[[ Materials provided open ]]
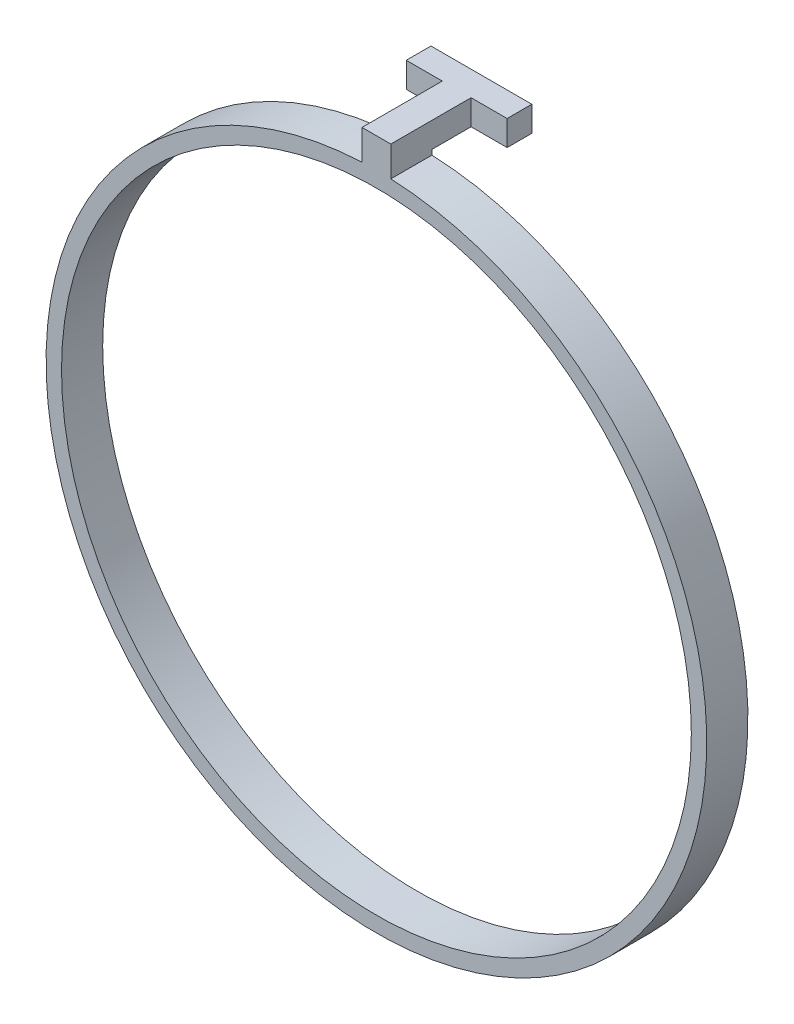
ISO-10303-21;
HEADER;
FILE_DESCRIPTION(('STEP AP214'),'2;1');
FILE_NAME('part.step','',(''),(''),'','','');
FILE_SCHEMA(('AUTOMOTIVE_DESIGN { 1 0 10303 214 1 1 1 1 }'));
ENDSEC;
DATA;
#1=APPLICATION_CONTEXT('core data for automotive mechanical design processes');
#2=APPLICATION_PROTOCOL_DEFINITION('international standard','automotive_design',2000,#1);
#3=PRODUCT_CONTEXT('',#1,'mechanical');
#4=PRODUCT('Part','Part','',(#3));
#5=PRODUCT_RELATED_PRODUCT_CATEGORY('part','',(#4));
#6=PRODUCT_DEFINITION_FORMATION('','',#4);
#7=PRODUCT_DEFINITION_CONTEXT('part definition',#1,'design');
#8=PRODUCT_DEFINITION('design','',#6,#7);
#9=PRODUCT_DEFINITION_SHAPE('','',#8);
#10=(LENGTH_UNIT() NAMED_UNIT(*) SI_UNIT(.MILLI.,.METRE.));
#11=(NAMED_UNIT(*) PLANE_ANGLE_UNIT() SI_UNIT($,.RADIAN.));
#12=(NAMED_UNIT(*) SI_UNIT($,.STERADIAN.) SOLID_ANGLE_UNIT());
#13=UNCERTAINTY_MEASURE_WITH_UNIT(LENGTH_MEASURE(1.E-05),#10,'distance_accuracy_value','');
#14=(GEOMETRIC_REPRESENTATION_CONTEXT(3) GLOBAL_UNCERTAINTY_ASSIGNED_CONTEXT((#13)) GLOBAL_UNIT_ASSIGNED_CONTEXT((#10,
#11,#12)) REPRESENTATION_CONTEXT('',''));
#15=CARTESIAN_POINT('',(0.,0.,0.));
#16=DIRECTION('',(0.,0.,1.));
#17=DIRECTION('',(1.,0.,0.));
#18=AXIS2_PLACEMENT_3D('',#15,#16,#17);
#19=CARTESIAN_POINT('',(0.,0.,0.));
#20=DIRECTION('',(0.,0.,1.));
#21=DIRECTION('',(1.,0.,0.));
#22=AXIS2_PLACEMENT_3D('',#19,#20,#21);
#23=PLANE('',#22);
#24=CARTESIAN_POINT('',(0.,0.,0.));
#25=DIRECTION('',(0.,0.,1.));
#26=DIRECTION('',(1.,0.,0.));
#27=AXIS2_PLACEMENT_3D('',#24,#25,#26);
#28=CIRCLE('',#27,30.6);
#29=CARTESIAN_POINT('',(30.6,0.,0.));
#30=VERTEX_POINT('',#29);
#31=EDGE_CURVE('E163',#30,#30,#28,.T.);
#32=ORIENTED_EDGE('',*,*,#31,.T.);
#33=EDGE_LOOP('',(#32));
#34=FACE_BOUND('',#33,.T.);
#35=DIRECTION('',(-1.,0.,0.));
#36=VECTOR('',#35,1.);
#37=CARTESIAN_POINT('',(1.4,32.55,0.));
#38=LINE('',#37,#36);
#39=CARTESIAN_POINT('',(1.4,32.55,0.));
#40=VERTEX_POINT('',#39);
#41=CARTESIAN_POINT('',(-1.4,32.55,0.));
#42=VERTEX_POINT('',#41);
#43=EDGE_CURVE('E52',#40,#42,#38,.T.);
#44=ORIENTED_EDGE('',*,*,#43,.F.);
#45=DIRECTION('',(0.,1.,0.));
#46=VECTOR('',#45,1.);
#47=CARTESIAN_POINT('',(1.4,35.,0.));
#48=LINE('',#47,#46);
#49=CARTESIAN_POINT('',(1.4,32.0694558731513,0.));
#50=VERTEX_POINT('',#49);
#51=EDGE_CURVE('E172',#50,#40,#48,.T.);
#52=ORIENTED_EDGE('',*,*,#51,.F.);
#53=CARTESIAN_POINT('',(0.,0.,0.));
#54=DIRECTION('',(0.,0.,1.));
#55=DIRECTION('',(1.,0.,0.));
#56=AXIS2_PLACEMENT_3D('',#53,#54,#55);
#57=CIRCLE('',#56,32.1);
#58=CARTESIAN_POINT('',(-1.4,32.0694558731513,0.));
#59=VERTEX_POINT('',#58);
#60=EDGE_CURVE('E76',#59,#50,#57,.T.);
#61=ORIENTED_EDGE('',*,*,#60,.F.);
#62=DIRECTION('',(0.,-1.,0.));
#63=VECTOR('',#62,1.);
#64=CARTESIAN_POINT('',(-1.4,35.,0.));
#65=LINE('',#64,#63);
#66=EDGE_CURVE('E167',#42,#59,#65,.T.);
#67=ORIENTED_EDGE('',*,*,#66,.F.);
#68=EDGE_LOOP('',(#44,#52,#61,#67));
#69=FACE_BOUND('',#68,.T.);
#70=ADVANCED_FACE('F37',(#34,#69),#23,.F.);
#71=CARTESIAN_POINT('',(0.,0.,4.));
#72=DIRECTION('',(0.,0.,1.));
#73=DIRECTION('',(1.,0.,0.));
#74=AXIS2_PLACEMENT_3D('',#71,#72,#73);
#75=PLANE('',#74);
#76=DIRECTION('',(0.,-1.,0.));
#77=VECTOR('',#76,1.);
#78=CARTESIAN_POINT('',(-1.4,35.,4.));
#79=LINE('',#78,#77);
#80=CARTESIAN_POINT('',(-1.4,35.,4.));
#81=VERTEX_POINT('',#80);
#82=CARTESIAN_POINT('',(-1.4,32.0694558731513,4.));
#83=VERTEX_POINT('',#82);
#84=EDGE_CURVE('E170',#81,#83,#79,.T.);
#85=ORIENTED_EDGE('',*,*,#84,.T.);
#86=CARTESIAN_POINT('',(0.,0.,4.));
#87=DIRECTION('',(0.,0.,1.));
#88=DIRECTION('',(1.,0.,0.));
#89=AXIS2_PLACEMENT_3D('',#86,#87,#88);
#90=CIRCLE('',#89,32.1);
#91=CARTESIAN_POINT('',(1.4,32.0694558731513,4.));
#92=VERTEX_POINT('',#91);
#93=EDGE_CURVE('E81',#83,#92,#90,.T.);
#94=ORIENTED_EDGE('',*,*,#93,.T.);
#95=DIRECTION('',(0.,1.,0.));
#96=VECTOR('',#95,1.);
#97=CARTESIAN_POINT('',(1.4,35.,4.));
#98=LINE('',#97,#96);
#99=CARTESIAN_POINT('',(1.4,35.,4.));
#100=VERTEX_POINT('',#99);
#101=EDGE_CURVE('E174',#92,#100,#98,.T.);
#102=ORIENTED_EDGE('',*,*,#101,.T.);
#103=DIRECTION('',(-1.,0.,0.));
#104=VECTOR('',#103,1.);
#105=CARTESIAN_POINT('',(-1.4,35.,4.));
#106=LINE('',#105,#104);
#107=EDGE_CURVE('E61',#100,#81,#106,.T.);
#108=ORIENTED_EDGE('',*,*,#107,.T.);
#109=EDGE_LOOP('',(#85,#94,#102,#108));
#110=FACE_BOUND('',#109,.T.);
#111=CARTESIAN_POINT('',(0.,0.,4.));
#112=DIRECTION('',(0.,0.,1.));
#113=DIRECTION('',(1.,0.,0.));
#114=AXIS2_PLACEMENT_3D('',#111,#112,#113);
#115=CIRCLE('',#114,30.6);
#116=CARTESIAN_POINT('',(30.6,0.,4.));
#117=VERTEX_POINT('',#116);
#118=EDGE_CURVE('E164',#117,#117,#115,.T.);
#119=ORIENTED_EDGE('',*,*,#118,.F.);
#120=EDGE_LOOP('',(#119));
#121=FACE_BOUND('',#120,.T.);
#122=ADVANCED_FACE('F229',(#110,#121),#75,.T.);
#123=CARTESIAN_POINT('',(-1.4,35.,4.));
#124=DIRECTION('',(1.,0.,0.));
#125=DIRECTION('',(0.,0.,-1.));
#126=AXIS2_PLACEMENT_3D('',#123,#124,#125);
#127=PLANE('',#126);
#128=DIRECTION('',(0.,0.,-1.));
#129=VECTOR('',#128,1.);
#130=CARTESIAN_POINT('',(-1.4,35.,4.));
#131=LINE('',#130,#129);
#132=CARTESIAN_POINT('',(-1.4,35.,-3.8));
#133=VERTEX_POINT('',#132);
#134=EDGE_CURVE('E177',#81,#133,#131,.T.);
#135=ORIENTED_EDGE('',*,*,#134,.T.);
#136=DIRECTION('',(0.,1.,0.));
#137=VECTOR('',#136,1.);
#138=CARTESIAN_POINT('',(-1.4,35.,-3.8));
#139=LINE('',#138,#137);
#140=CARTESIAN_POINT('',(-1.4,32.55,-3.8));
#141=VERTEX_POINT('',#140);
#142=EDGE_CURVE('E155',#141,#133,#139,.T.);
#143=ORIENTED_EDGE('',*,*,#142,.F.);
#144=DIRECTION('',(0.,0.,1.));
#145=VECTOR('',#144,1.);
#146=CARTESIAN_POINT('',(-1.4,32.55,-3.8));
#147=LINE('',#146,#145);
#148=EDGE_CURVE('E157',#141,#42,#147,.T.);
#149=ORIENTED_EDGE('',*,*,#148,.T.);
#150=ORIENTED_EDGE('',*,*,#66,.T.);
#151=DIRECTION('',(0.,0.,-1.));
#152=VECTOR('',#151,1.);
#153=CARTESIAN_POINT('',(-1.4,32.0694558731513,4.));
#154=LINE('',#153,#152);
#155=EDGE_CURVE('E11',#83,#59,#154,.T.);
#156=ORIENTED_EDGE('',*,*,#155,.F.);
#157=ORIENTED_EDGE('',*,*,#84,.F.);
#158=EDGE_LOOP('',(#135,#143,#149,#150,#156,#157));
#159=FACE_BOUND('',#158,.T.);
#160=ADVANCED_FACE('F39',(#159),#127,.F.);
#161=CARTESIAN_POINT('',(0.,0.,4.));
#162=DIRECTION('',(0.,0.,-1.));
#163=DIRECTION('',(-1.,0.,0.));
#164=AXIS2_PLACEMENT_3D('',#161,#162,#163);
#165=CYLINDRICAL_SURFACE('',#164,32.1);
#166=ORIENTED_EDGE('',*,*,#60,.T.);
#167=DIRECTION('',(0.,0.,-1.));
#168=VECTOR('',#167,1.);
#169=CARTESIAN_POINT('',(1.4,32.0694558731513,4.));
#170=LINE('',#169,#168);
#171=EDGE_CURVE('E45',#92,#50,#170,.T.);
#172=ORIENTED_EDGE('',*,*,#171,.F.);
#173=ORIENTED_EDGE('',*,*,#93,.F.);
#174=ORIENTED_EDGE('',*,*,#155,.T.);
#175=EDGE_LOOP('',(#166,#172,#173,#174));
#176=FACE_BOUND('',#175,.T.);
#177=ADVANCED_FACE('F188',(#176),#165,.T.);
#178=CARTESIAN_POINT('',(1.4,35.,4.));
#179=DIRECTION('',(-1.,0.,0.));
#180=DIRECTION('',(0.,0.,1.));
#181=AXIS2_PLACEMENT_3D('',#178,#179,#180);
#182=PLANE('',#181);
#183=ORIENTED_EDGE('',*,*,#51,.T.);
#184=DIRECTION('',(0.,0.,1.));
#185=VECTOR('',#184,1.);
#186=CARTESIAN_POINT('',(1.4,32.55,-3.8));
#187=LINE('',#186,#185);
#188=CARTESIAN_POINT('',(1.4,32.55,-3.8));
#189=VERTEX_POINT('',#188);
#190=EDGE_CURVE('E161',#189,#40,#187,.T.);
#191=ORIENTED_EDGE('',*,*,#190,.F.);
#192=DIRECTION('',(0.,-1.,0.));
#193=VECTOR('',#192,1.);
#194=CARTESIAN_POINT('',(1.4,35.,-3.8));
#195=LINE('',#194,#193);
#196=CARTESIAN_POINT('',(1.4,35.,-3.8));
#197=VERTEX_POINT('',#196);
#198=EDGE_CURVE('E147',#197,#189,#195,.T.);
#199=ORIENTED_EDGE('',*,*,#198,.F.);
#200=DIRECTION('',(0.,0.,-1.));
#201=VECTOR('',#200,1.);
#202=CARTESIAN_POINT('',(1.4,35.,4.));
#203=LINE('',#202,#201);
#204=EDGE_CURVE('E182',#100,#197,#203,.T.);
#205=ORIENTED_EDGE('',*,*,#204,.F.);
#206=ORIENTED_EDGE('',*,*,#101,.F.);
#207=ORIENTED_EDGE('',*,*,#171,.T.);
#208=EDGE_LOOP('',(#183,#191,#199,#205,#206,#207));
#209=FACE_BOUND('',#208,.T.);
#210=ADVANCED_FACE('F185',(#209),#182,.F.);
#211=CARTESIAN_POINT('',(-1.4,35.,4.));
#212=DIRECTION('',(0.,-1.,0.));
#213=DIRECTION('',(0.,0.,-1.));
#214=AXIS2_PLACEMENT_3D('',#211,#212,#213);
#215=PLANE('',#214);
#216=ORIENTED_EDGE('',*,*,#204,.T.);
#217=DIRECTION('',(-1.,0.,0.));
#218=VECTOR('',#217,1.);
#219=CARTESIAN_POINT('',(4.9,35.,-3.8));
#220=LINE('',#219,#218);
#221=CARTESIAN_POINT('',(4.9,35.,-3.8));
#222=VERTEX_POINT('',#221);
#223=EDGE_CURVE('E194',#222,#197,#220,.T.);
#224=ORIENTED_EDGE('',*,*,#223,.F.);
#225=DIRECTION('',(0.,0.,1.));
#226=VECTOR('',#225,1.);
#227=CARTESIAN_POINT('',(4.9,35.,-3.8));
#228=LINE('',#227,#226);
#229=CARTESIAN_POINT('',(4.9,35.,-6.2));
#230=VERTEX_POINT('',#229);
#231=EDGE_CURVE('E138',#230,#222,#228,.T.);
#232=ORIENTED_EDGE('',*,*,#231,.F.);
#233=DIRECTION('',(-1.,0.,0.));
#234=VECTOR('',#233,1.);
#235=CARTESIAN_POINT('',(4.9,35.,-6.2));
#236=LINE('',#235,#234);
#237=CARTESIAN_POINT('',(-4.9,35.,-6.2));
#238=VERTEX_POINT('',#237);
#239=EDGE_CURVE('E196',#230,#238,#236,.T.);
#240=ORIENTED_EDGE('',*,*,#239,.T.);
#241=DIRECTION('',(0.,0.,1.));
#242=VECTOR('',#241,1.);
#243=CARTESIAN_POINT('',(-4.9,35.,-3.8));
#244=LINE('',#243,#242);
#245=CARTESIAN_POINT('',(-4.9,35.,-3.8));
#246=VERTEX_POINT('',#245);
#247=EDGE_CURVE('E142',#238,#246,#244,.T.);
#248=ORIENTED_EDGE('',*,*,#247,.T.);
#249=EDGE_CURVE('E197',#133,#246,#220,.T.);
#250=ORIENTED_EDGE('',*,*,#249,.F.);
#251=ORIENTED_EDGE('',*,*,#134,.F.);
#252=ORIENTED_EDGE('',*,*,#107,.F.);
#253=EDGE_LOOP('',(#216,#224,#232,#240,#248,#250,#251,#252));
#254=FACE_BOUND('',#253,.T.);
#255=ADVANCED_FACE('F216',(#254),#215,.F.);
#256=CARTESIAN_POINT('',(0.,0.,4.));
#257=DIRECTION('',(0.,0.,-1.));
#258=DIRECTION('',(-1.,0.,0.));
#259=AXIS2_PLACEMENT_3D('',#256,#257,#258);
#260=CYLINDRICAL_SURFACE('',#259,30.6);
#261=ORIENTED_EDGE('',*,*,#118,.T.);
#262=EDGE_LOOP('',(#261));
#263=FACE_BOUND('',#262,.T.);
#264=ORIENTED_EDGE('',*,*,#31,.F.);
#265=EDGE_LOOP('',(#264));
#266=FACE_BOUND('',#265,.T.);
#267=ADVANCED_FACE('F218',(#263,#266),#260,.F.);
#268=CARTESIAN_POINT('',(1.4,32.55,-3.8));
#269=DIRECTION('',(0.,1.,0.));
#270=DIRECTION('',(0.,0.,1.));
#271=AXIS2_PLACEMENT_3D('',#268,#269,#270);
#272=PLANE('',#271);
#273=ORIENTED_EDGE('',*,*,#43,.T.);
#274=ORIENTED_EDGE('',*,*,#148,.F.);
#275=DIRECTION('',(-1.,0.,0.));
#276=VECTOR('',#275,1.);
#277=CARTESIAN_POINT('',(4.9,32.55,-3.8));
#278=LINE('',#277,#276);
#279=CARTESIAN_POINT('',(-4.9,32.55,-3.8));
#280=VERTEX_POINT('',#279);
#281=EDGE_CURVE('E148',#141,#280,#278,.T.);
#282=ORIENTED_EDGE('',*,*,#281,.T.);
#283=DIRECTION('',(0.,0.,-1.));
#284=VECTOR('',#283,1.);
#285=CARTESIAN_POINT('',(-4.9,32.55,-3.8));
#286=LINE('',#285,#284);
#287=CARTESIAN_POINT('',(-4.9,32.55,-6.2));
#288=VERTEX_POINT('',#287);
#289=EDGE_CURVE('E205',#280,#288,#286,.T.);
#290=ORIENTED_EDGE('',*,*,#289,.T.);
#291=DIRECTION('',(-1.,0.,0.));
#292=VECTOR('',#291,1.);
#293=CARTESIAN_POINT('',(4.9,32.55,-6.2));
#294=LINE('',#293,#292);
#295=CARTESIAN_POINT('',(4.9,32.55,-6.2));
#296=VERTEX_POINT('',#295);
#297=EDGE_CURVE('E129',#296,#288,#294,.T.);
#298=ORIENTED_EDGE('',*,*,#297,.F.);
#299=DIRECTION('',(0.,0.,-1.));
#300=VECTOR('',#299,1.);
#301=CARTESIAN_POINT('',(4.9,32.55,-3.8));
#302=LINE('',#301,#300);
#303=CARTESIAN_POINT('',(4.9,32.55,-3.8));
#304=VERTEX_POINT('',#303);
#305=EDGE_CURVE('E122',#304,#296,#302,.T.);
#306=ORIENTED_EDGE('',*,*,#305,.F.);
#307=EDGE_CURVE('E127',#304,#189,#278,.T.);
#308=ORIENTED_EDGE('',*,*,#307,.T.);
#309=ORIENTED_EDGE('',*,*,#190,.T.);
#310=EDGE_LOOP('',(#273,#274,#282,#290,#298,#306,#308,#309));
#311=FACE_BOUND('',#310,.T.);
#312=ADVANCED_FACE('F124',(#311),#272,.F.);
#313=CARTESIAN_POINT('',(4.9,35.,-3.8));
#314=DIRECTION('',(0.,0.,-1.));
#315=DIRECTION('',(0.,1.,0.));
#316=AXIS2_PLACEMENT_3D('',#313,#314,#315);
#317=PLANE('',#316);
#318=ORIENTED_EDGE('',*,*,#223,.T.);
#319=ORIENTED_EDGE('',*,*,#198,.T.);
#320=ORIENTED_EDGE('',*,*,#307,.F.);
#321=DIRECTION('',(0.,-1.,0.));
#322=VECTOR('',#321,1.);
#323=CARTESIAN_POINT('',(4.9,35.,-3.8));
#324=LINE('',#323,#322);
#325=EDGE_CURVE('E133',#222,#304,#324,.T.);
#326=ORIENTED_EDGE('',*,*,#325,.F.);
#327=EDGE_LOOP('',(#318,#319,#320,#326));
#328=FACE_BOUND('',#327,.T.);
#329=ADVANCED_FACE('F145',(#328),#317,.F.);
#330=ORIENTED_EDGE('',*,*,#281,.F.);
#331=ORIENTED_EDGE('',*,*,#142,.T.);
#332=ORIENTED_EDGE('',*,*,#249,.T.);
#333=DIRECTION('',(0.,-1.,0.));
#334=VECTOR('',#333,1.);
#335=CARTESIAN_POINT('',(-4.9,35.,-3.8));
#336=LINE('',#335,#334);
#337=EDGE_CURVE('E207',#246,#280,#336,.T.);
#338=ORIENTED_EDGE('',*,*,#337,.T.);
#339=EDGE_LOOP('',(#330,#331,#332,#338));
#340=FACE_BOUND('',#339,.T.);
#341=ADVANCED_FACE('F240',(#340),#317,.F.);
#342=CARTESIAN_POINT('',(4.9,35.,-6.2));
#343=DIRECTION('',(0.,0.,1.));
#344=DIRECTION('',(0.,-1.,0.));
#345=AXIS2_PLACEMENT_3D('',#342,#343,#344);
#346=PLANE('',#345);
#347=DIRECTION('',(0.,1.,0.));
#348=VECTOR('',#347,1.);
#349=CARTESIAN_POINT('',(-4.9,35.,-6.2));
#350=LINE('',#349,#348);
#351=EDGE_CURVE('E203',#288,#238,#350,.T.);
#352=ORIENTED_EDGE('',*,*,#351,.T.);
#353=ORIENTED_EDGE('',*,*,#239,.F.);
#354=DIRECTION('',(0.,1.,0.));
#355=VECTOR('',#354,1.);
#356=CARTESIAN_POINT('',(4.9,35.,-6.2));
#357=LINE('',#356,#355);
#358=EDGE_CURVE('E132',#296,#230,#357,.T.);
#359=ORIENTED_EDGE('',*,*,#358,.F.);
#360=ORIENTED_EDGE('',*,*,#297,.T.);
#361=EDGE_LOOP('',(#352,#353,#359,#360));
#362=FACE_BOUND('',#361,.T.);
#363=ADVANCED_FACE('F213',(#362),#346,.F.);
#364=CARTESIAN_POINT('',(4.9,0.,0.));
#365=DIRECTION('',(1.,0.,0.));
#366=DIRECTION('',(0.,0.,-1.));
#367=AXIS2_PLACEMENT_3D('',#364,#365,#366);
#368=PLANE('',#367);
#369=ORIENTED_EDGE('',*,*,#325,.T.);
#370=ORIENTED_EDGE('',*,*,#305,.T.);
#371=ORIENTED_EDGE('',*,*,#358,.T.);
#372=ORIENTED_EDGE('',*,*,#231,.T.);
#373=EDGE_LOOP('',(#369,#370,#371,#372));
#374=FACE_BOUND('',#373,.T.);
#375=ADVANCED_FACE('F136',(#374),#368,.T.);
#376=CARTESIAN_POINT('',(-4.9,0.,0.));
#377=DIRECTION('',(1.,0.,0.));
#378=DIRECTION('',(0.,0.,-1.));
#379=AXIS2_PLACEMENT_3D('',#376,#377,#378);
#380=PLANE('',#379);
#381=ORIENTED_EDGE('',*,*,#337,.F.);
#382=ORIENTED_EDGE('',*,*,#247,.F.);
#383=ORIENTED_EDGE('',*,*,#351,.F.);
#384=ORIENTED_EDGE('',*,*,#289,.F.);
#385=EDGE_LOOP('',(#381,#382,#383,#384));
#386=FACE_BOUND('',#385,.T.);
#387=ADVANCED_FACE('F243',(#386),#380,.F.);
#388=CLOSED_SHELL('',(#70,#122,#160,#177,#210,#255,#267,#312,#329,#341,#363,#375,#387));
#389=MANIFOLD_SOLID_BREP('B2',#388);
#390=ADVANCED_BREP_SHAPE_REPRESENTATION('',(#18,#389),#14);
#391=SHAPE_DEFINITION_REPRESENTATION(#9,#390);
ENDSEC;
END-ISO-10303-21;
[[ Materials provided closed ]]
Please return, exactly as written, the lines from the first line of the records above through the line containing "#24=CARTESIAN_POINT('',(0.,0.,0.));", both included, leaving out any pictures.

ISO-10303-21;
HEADER;
FILE_DESCRIPTION(('STEP AP214'),'2;1');
FILE_NAME('part.step','',(''),(''),'','','');
FILE_SCHEMA(('AUTOMOTIVE_DESIGN { 1 0 10303 214 1 1 1 1 }'));
ENDSEC;
DATA;
#1=APPLICATION_CONTEXT('core data for automotive mechanical design processes');
#2=APPLICATION_PROTOCOL_DEFINITION('international standard','automotive_design',2000,#1);
#3=PRODUCT_CONTEXT('',#1,'mechanical');
#4=PRODUCT('Part','Part','',(#3));
#5=PRODUCT_RELATED_PRODUCT_CATEGORY('part','',(#4));
#6=PRODUCT_DEFINITION_FORMATION('','',#4);
#7=PRODUCT_DEFINITION_CONTEXT('part definition',#1,'design');
#8=PRODUCT_DEFINITION('design','',#6,#7);
#9=PRODUCT_DEFINITION_SHAPE('','',#8);
#10=(LENGTH_UNIT() NAMED_UNIT(*) SI_UNIT(.MILLI.,.METRE.));
#11=(NAMED_UNIT(*) PLANE_ANGLE_UNIT() SI_UNIT($,.RADIAN.));
#12=(NAMED_UNIT(*) SI_UNIT($,.STERADIAN.) SOLID_ANGLE_UNIT());
#13=UNCERTAINTY_MEASURE_WITH_UNIT(LENGTH_MEASURE(1.E-05),#10,'distance_accuracy_value','');
#14=(GEOMETRIC_REPRESENTATION_CONTEXT(3) GLOBAL_UNCERTAINTY_ASSIGNED_CONTEXT((#13)) GLOBAL_UNIT_ASSIGNED_CONTEXT((#10,
#11,#12)) REPRESENTATION_CONTEXT('',''));
#15=CARTESIAN_POINT('',(0.,0.,0.));
#16=DIRECTION('',(0.,0.,1.));
#17=DIRECTION('',(1.,0.,0.));
#18=AXIS2_PLACEMENT_3D('',#15,#16,#17);
#19=CARTESIAN_POINT('',(0.,0.,0.));
#20=DIRECTION('',(0.,0.,1.));
#21=DIRECTION('',(1.,0.,0.));
#22=AXIS2_PLACEMENT_3D('',#19,#20,#21);
#23=PLANE('',#22);
#24=CARTESIAN_POINT('',(0.,0.,0.));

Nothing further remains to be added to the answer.